"ALONG THE WIDE MISSOURI"
THE FORT PECK RESERVOIR OF THE RUSSELL WILDERNESS OF THE PREVIOUSLY WILD MISSOURI RIVER, MONTANA

This is a view of the "wide Missouri" at sunset as I climbed down from the gumbo muddy mountain bluffs after bowhunting elk to our riverboat base camp. The river here is quite a bit "wider" than when Lewis and Clark used it as their highway to the interior on their exploration of this land speculation bargain known as the Louisiana Purchase. They encountered vast herds of buffalo and lots of grizzlies (and they tried to shoot every one of them) and a wild river that had flooded the prairies below this area of northeast Montana for eons.
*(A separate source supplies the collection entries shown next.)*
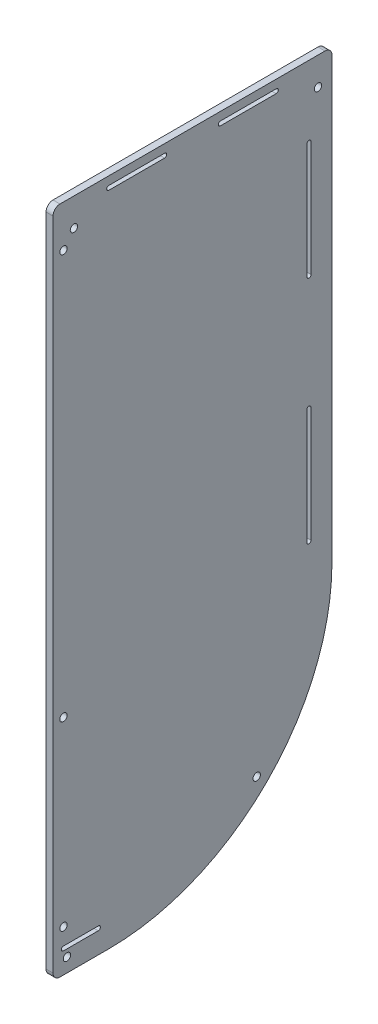
from build123d import *

# Parameters (mm, degrees)
BOSS_EXTRUDE1_DEPTH     = 6.35
SKETCH2_R               = 3.3655
CUT_EXTRUDE1_DEPTH      = 7.35
FILLET1_R               = 6.35
CUT_EXTRUDE6_DEPTH      = 7.35
SKETCH4_R               = 3.3655
CUT_EXTRUDE3_DEPTH      = 7.35
CUT_EXTRUDE7_DEPTH      = 7.35
CUT_EXTRUDE8_DEPTH      = 1
CUT_EXTRUDE8_DEPTH_BACK = 7.35


with BuildPart() as part:
    # Sketch1 → Boss-Extrude1 (new body)
    with BuildSketch(Plane(origin=(0, 0, 0), x_dir=(0, 0, -1), z_dir=(1, 0, 0))):
        with BuildLine():
            Line((0, 0), (0, -609.6))
            Line((0, -609.6), (50.8, -609.6))
            ThreePointArc((50.8, -609.6), (194.484097937, -550.084097937), (254, -406.4))
            Line((254, -406.4), (254, 0))
            Line((254, 0), (0, 0))
        make_face()
    extrude(amount=BOSS_EXTRUDE1_DEPTH)

    # Sketch2 → Cut-Extrude1 (cut, through all)
    with BuildSketch(Plane(origin=(6.35, 0, 0), x_dir=(0, 0, -1), z_dir=(1, 0, 0))):
        with Locations((241.3, -25.4)):
            Circle(SKETCH2_R)
        with Locations((12.7, -596.9)):
            Circle(SKETCH2_R)
        with Locations((185.503841816, -541.103841816)):
            Circle(SKETCH2_R)
        with Locations((19.05, -25.4)):
            Circle(SKETCH2_R)
    extrude(amount=-CUT_EXTRUDE1_DEPTH, mode=Mode.SUBTRACT)

    # Fillet1
    fillet1_edges = [part.edges().sort_by_distance(p)[0] for p in [
        (3.175, 0, -254),
        (3.175, -609.6, 0),
        (3.175, 0, 0),
    ]]
    fillet(fillet1_edges, radius=FILLET1_R)

    # Sketch3 → Cut-Extrude6 (cut, through all)
    with BuildSketch(Plane(origin=(6.35, 0, 0), x_dir=(0, 0, -1), z_dir=(1, 0, 0))):
        with BuildLine():
            Line((50.8, -7.62), (101.6, -7.62))
            ThreePointArc((101.6, -7.62), (103.505, -9.525), (101.6, -11.43))
            Line((101.6, -11.43), (50.8, -11.43))
            ThreePointArc((50.8, -11.43), (48.895, -9.525), (50.8, -7.62))
        make_face()
        with BuildLine():
            Line((152.4, -7.62), (203.2, -7.62))
            ThreePointArc((203.2, -7.62), (205.105, -9.525), (203.2, -11.43))
            Line((203.2, -11.43), (152.4, -11.43))
            ThreePointArc((152.4, -11.43), (150.495, -9.525), (152.4, -7.62))
        make_face()
    extrude(amount=-CUT_EXTRUDE6_DEPTH, mode=Mode.SUBTRACT)

    # Sketch4 → Cut-Extrude3 (cut, through all)
    with BuildSketch(Plane(origin=(6.35, 0, 0), x_dir=(0, 0, -1), z_dir=(1, 0, 0))):
        with Locations((9.525, -38.1)):
            Circle(SKETCH4_R)
        with Locations((9.525, -406.4)):
            Circle(SKETCH4_R)
        with Locations((9.525, -571.5)):
            Circle(SKETCH4_R)
    extrude(amount=-CUT_EXTRUDE3_DEPTH, mode=Mode.SUBTRACT)

    # Sketch6 → Cut-Extrude7 (cut, through all)
    with BuildSketch(Plane(origin=(6.35, 0, 0), x_dir=(0, 0, -1), z_dir=(1, 0, 0))):
        with BuildLine():
            Line((234.95, -65.0875), (234.95, -169.8625))
            ThreePointArc((234.95, -169.8625), (233.045, -171.7675), (231.14, -169.8625))
            Line((231.14, -169.8625), (231.14, -65.0875))
            ThreePointArc((231.14, -65.0875), (233.045, -63.1825), (234.95, -65.0875))
        make_face()
        with BuildLine():
            Line((231.14, -379.4125), (231.14, -274.6375))
            ThreePointArc((231.14, -274.6375), (233.045, -272.7325), (234.95, -274.6375))
            Line((234.95, -274.6375), (234.95, -379.4125))
            ThreePointArc((234.95, -379.4125), (233.045, -381.3175), (231.14, -379.4125))
        make_face()
    extrude(amount=-CUT_EXTRUDE7_DEPTH, mode=Mode.SUBTRACT)

    # Sketch7 → Cut-Extrude8 (cut, two sides)
    with BuildSketch(Plane(origin=(6.35, 0, 0), x_dir=(0, 0, -1), z_dir=(1, 0, 0))) as cut_extrude8_sk:
        with BuildLine():
            Line((9.525, -586.74), (41.275, -586.74))
            ThreePointArc((41.275, -586.74), (43.18, -588.645), (41.275, -590.55))
            Line((41.275, -590.55), (9.525, -590.55))
            ThreePointArc((9.525, -590.55), (7.62, -588.645), (9.525, -586.74))
        make_face()
    extrude(amount=CUT_EXTRUDE8_DEPTH, mode=Mode.SUBTRACT)
    extrude(cut_extrude8_sk.sketch, amount=-CUT_EXTRUDE8_DEPTH_BACK, mode=Mode.SUBTRACT)


solid = part.part

What they did not encounter was the Fort Peck Dam (the name later relates to an old Army Fort for guarding against frontier Indians) which impounds the Missouri at this point with several others further downstream. But the several million acres of the wilderness adjacent to this lake does not look too different today than it would have to Lewis and Clark.

In this impounded Missouri are remnants of another geologic era in time. Huge ancient fish called "paddlefish" because of their long bottom roiling snout, were here when Lewis and Clark were, and also the newcomers crossing the Aleutian land bridge, and with the cycling of several ice ages. They seem unaware of progress around them, although the bighorn ram I carefully stalked to the pinnacle of the bluffs behind this river bend was aware that men could enter this wilderness, and although they were not worth much as mountain climbers, they could do some damage at a distance. I spent a full day trying to get close to him and admired his perspective of the surrounding scene. I shot all but one exposure on the film I had with me of his surveillance of his domain, and then took this last shot on my return back to the same Missouri that had brought Lewis and Clark, countless Indians, French fur-trading "Engage'" and me into the wilderness along this river which antecedents of that bighorn ram, and the selfsame paddlefish, had guarded.